### TASK DIRECTIONS
All that is needed is the run of lines from the top of the entries to the line with "A CAD part, left-side", that line included, repeated exactly and free of pictures.

### RECORDS PROVIDED
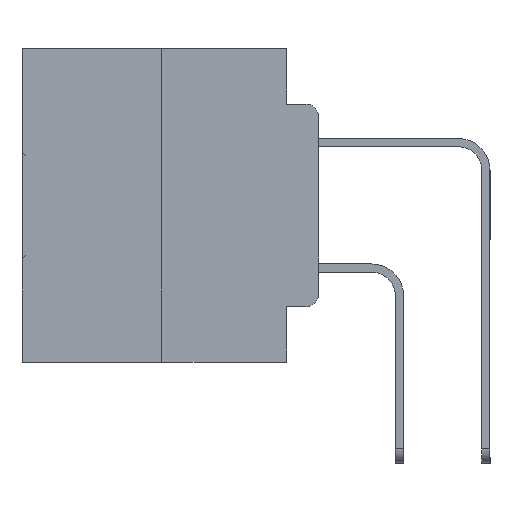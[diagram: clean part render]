
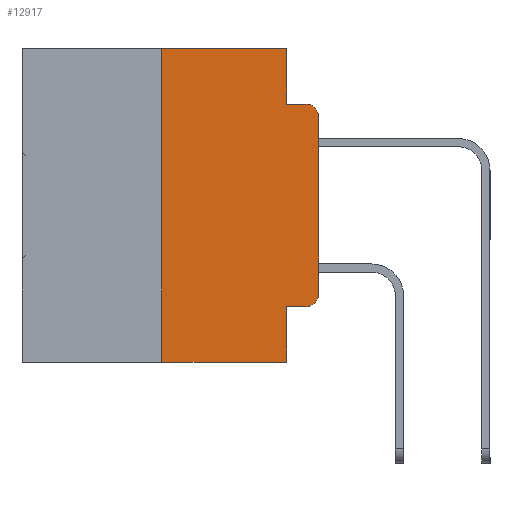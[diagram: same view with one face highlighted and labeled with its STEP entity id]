
A CAD part, left-side view. The second image highlights one B-rep face of the part: STEP entity #12917.
In plain terms, the highlighted planar face has unit normal (-1, 0, 0).
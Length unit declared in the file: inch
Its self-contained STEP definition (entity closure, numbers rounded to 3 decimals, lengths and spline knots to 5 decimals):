
#17 = CARTESIAN_POINT ( 'NONE',  ( 0., 0.25, -0.5 ) ) ;
#273 = CARTESIAN_POINT ( 'NONE',  ( 0., 0.473, 0. ) ) ;
#300 = VERTEX_POINT ( 'NONE', #10084 ) ;
#865 = ORIENTED_EDGE ( 'NONE', *, *, #20247, .T. ) ;
#2541 = CARTESIAN_POINT ( 'NONE',  ( 0., 0.473, 0. ) ) ;
#2996 = CARTESIAN_POINT ( 'NONE',  ( 0., 0., -0.3915 ) ) ;
#3166 = DIRECTION ( 'NONE',  ( 0., -1., 0. ) ) ;
#3371 = VERTEX_POINT ( 'NONE', #11243 ) ;
#3620 = CARTESIAN_POINT ( 'NONE',  ( 0., 0.473, -0.5 ) ) ;
#4275 = ORIENTED_EDGE ( 'NONE', *, *, #31960, .T. ) ;
#4665 = CARTESIAN_POINT ( 'NONE',  ( 0., 0., 0. ) ) ;
#4956 = ORIENTED_EDGE ( 'NONE', *, *, #5572, .F. ) ;
#5572 = EDGE_CURVE ( 'NONE', #300, #22469, #19594, .T. ) ;
#5747 = CARTESIAN_POINT ( 'NONE',  ( 0., 0.051, -0.0885 ) ) ;
#6087 = LINE ( 'NONE', #19464, #12822 ) ;
#6803 = EDGE_CURVE ( 'NONE', #3371, #28757, #27696, .T. ) ;
#6952 = ORIENTED_EDGE ( 'NONE', *, *, #18596, .F. ) ;
#8169 = VERTEX_POINT ( 'NONE', #2996 ) ;
#8521 = EDGE_CURVE ( 'NONE', #19114, #300, #23278, .T. ) ;
#8525 = VECTOR ( 'NONE', #12646, 39.37008 ) ;
#8607 = DIRECTION ( 'NONE',  ( -1., 0., 0. ) ) ;
#9292 = VECTOR ( 'NONE', #16262, 39.37008 ) ;
#9366 = VERTEX_POINT ( 'NONE', #13934 ) ;
#10072 = LINE ( 'NONE', #3620, #9292 ) ;
#10084 = CARTESIAN_POINT ( 'NONE',  ( 0., 0.25, 0. ) ) ;
#10571 = CARTESIAN_POINT ( 'NONE',  ( 0., 0.25, 0. ) ) ;
#11243 = CARTESIAN_POINT ( 'NONE',  ( 0., 0.051, -0.4115 ) ) ;
#12335 = DIRECTION ( 'NONE',  ( 0., 0., 1. ) ) ;
#12590 = CARTESIAN_POINT ( 'NONE',  ( 0., 0.02, -0.3915 ) ) ;
#12640 = CARTESIAN_POINT ( 'NONE',  ( 0., 0.051, 0. ) ) ;
#12646 = DIRECTION ( 'NONE',  ( 0., 0., -1. ) ) ;
#12784 = DIRECTION ( 'NONE',  ( 0., 0., -1. ) ) ;
#12822 = VECTOR ( 'NONE', #21977, 39.37008 ) ;
#12886 = ORIENTED_EDGE ( 'NONE', *, *, #16140, .T. ) ;
#12917 = ADVANCED_FACE ( 'NONE', ( #20879 ), #20198, .F. ) ;
#13891 = VECTOR ( 'NONE', #3166, 39.37008 ) ;
#13934 = CARTESIAN_POINT ( 'NONE',  ( 0., 0.02, -0.4115 ) ) ;
#14879 = ORIENTED_EDGE ( 'NONE', *, *, #29267, .T. ) ;
#14982 = ORIENTED_EDGE ( 'NONE', *, *, #30925, .T. ) ;
#15114 = DIRECTION ( 'NONE',  ( 0., 0., -1. ) ) ;
#15646 = ORIENTED_EDGE ( 'NONE', *, *, #16936, .F. ) ;
#16140 = EDGE_CURVE ( 'NONE', #19114, #28757, #10072, .T. ) ;
#16262 = DIRECTION ( 'NONE',  ( 0., -1., 0. ) ) ;
#16648 = ORIENTED_EDGE ( 'NONE', *, *, #6803, .F. ) ;
#16936 = EDGE_CURVE ( 'NONE', #22469, #31587, #6087, .T. ) ;
#17316 = AXIS2_PLACEMENT_3D ( 'NONE', #12590, #30050, #15114 ) ;
#17646 = LINE ( 'NONE', #4665, #23516 ) ;
#18596 = EDGE_CURVE ( 'NONE', #31587, #22429, #27936, .T. ) ;
#18958 = DIRECTION ( 'NONE',  ( 0., -1., 0. ) ) ;
#19114 = VERTEX_POINT ( 'NONE', #17 ) ;
#19464 = CARTESIAN_POINT ( 'NONE',  ( 0., 0.051, 0. ) ) ;
#19594 = LINE ( 'NONE', #273, #26241 ) ;
#20198 = PLANE ( 'NONE',  #29323 ) ;
#20247 = EDGE_CURVE ( 'NONE', #22593, #22429, #31382, .T. ) ;
#20879 = FACE_OUTER_BOUND ( 'NONE', #30332, .T. ) ;
#21977 = DIRECTION ( 'NONE',  ( 0., 0., -1. ) ) ;
#22414 = VECTOR ( 'NONE', #18958, 39.37008 ) ;
#22429 = VERTEX_POINT ( 'NONE', #27389 ) ;
#22469 = VERTEX_POINT ( 'NONE', #12640 ) ;
#22593 = VERTEX_POINT ( 'NONE', #23115 ) ;
#23115 = CARTESIAN_POINT ( 'NONE',  ( 0., 0., -0.1085 ) ) ;
#23278 = LINE ( 'NONE', #10571, #29910 ) ;
#23516 = VECTOR ( 'NONE', #12335, 39.37008 ) ;
#23590 = CARTESIAN_POINT ( 'NONE',  ( 0., 0.02, -0.1085 ) ) ;
#24051 = CARTESIAN_POINT ( 'NONE',  ( 0., 0.051, -0.0885 ) ) ;
#25508 = DIRECTION ( 'NONE',  ( 0., -1., 0. ) ) ;
#26110 = DIRECTION ( 'NONE',  ( 0., 0., -1. ) ) ;
#26241 = VECTOR ( 'NONE', #25508, 39.37008 ) ;
#26385 = ORIENTED_EDGE ( 'NONE', *, *, #8521, .F. ) ;
#27389 = CARTESIAN_POINT ( 'NONE',  ( 0., 0.02, -0.0885 ) ) ;
#27612 = CARTESIAN_POINT ( 'NONE',  ( 0., 0.051, 0. ) ) ;
#27613 = CIRCLE ( 'NONE', #17316, 0.02 ) ;
#27696 = LINE ( 'NONE', #27612, #8525 ) ;
#27749 = DIRECTION ( 'NONE',  ( 1., 0., 0. ) ) ;
#27936 = LINE ( 'NONE', #5747, #13891 ) ;
#28164 = DIRECTION ( 'NONE',  ( 0., 0., 1. ) ) ;
#28276 = LINE ( 'NONE', #28986, #22414 ) ;
#28757 = VERTEX_POINT ( 'NONE', #32467 ) ;
#28986 = CARTESIAN_POINT ( 'NONE',  ( 0., 0.051, -0.4115 ) ) ;
#29267 = EDGE_CURVE ( 'NONE', #9366, #8169, #27613, .T. ) ;
#29323 = AXIS2_PLACEMENT_3D ( 'NONE', #2541, #27749, #12784 ) ;
#29910 = VECTOR ( 'NONE', #28164, 39.37008 ) ;
#30050 = DIRECTION ( 'NONE',  ( -1., 0., 0. ) ) ;
#30332 = EDGE_LOOP ( 'NONE', ( #4275, #865, #6952, #15646, #4956, #26385, #12886, #16648, #14982, #14879 ) ) ;
#30925 = EDGE_CURVE ( 'NONE', #3371, #9366, #28276, .T. ) ;
#31113 = AXIS2_PLACEMENT_3D ( 'NONE', #23590, #8607, #26110 ) ;
#31382 = CIRCLE ( 'NONE', #31113, 0.02 ) ;
#31587 = VERTEX_POINT ( 'NONE', #24051 ) ;
#31960 = EDGE_CURVE ( 'NONE', #8169, #22593, #17646, .T. ) ;
#32467 = CARTESIAN_POINT ( 'NONE',  ( 0., 0.051, -0.5 ) ) ;

### PROBLEM SOLUTION
[diagram: clean part render]
[diagram: same view with one face highlighted and labeled with its STEP entity id]
A CAD part, left-side view. The second image highlights one B-rep face of the part: STEP entity #12917.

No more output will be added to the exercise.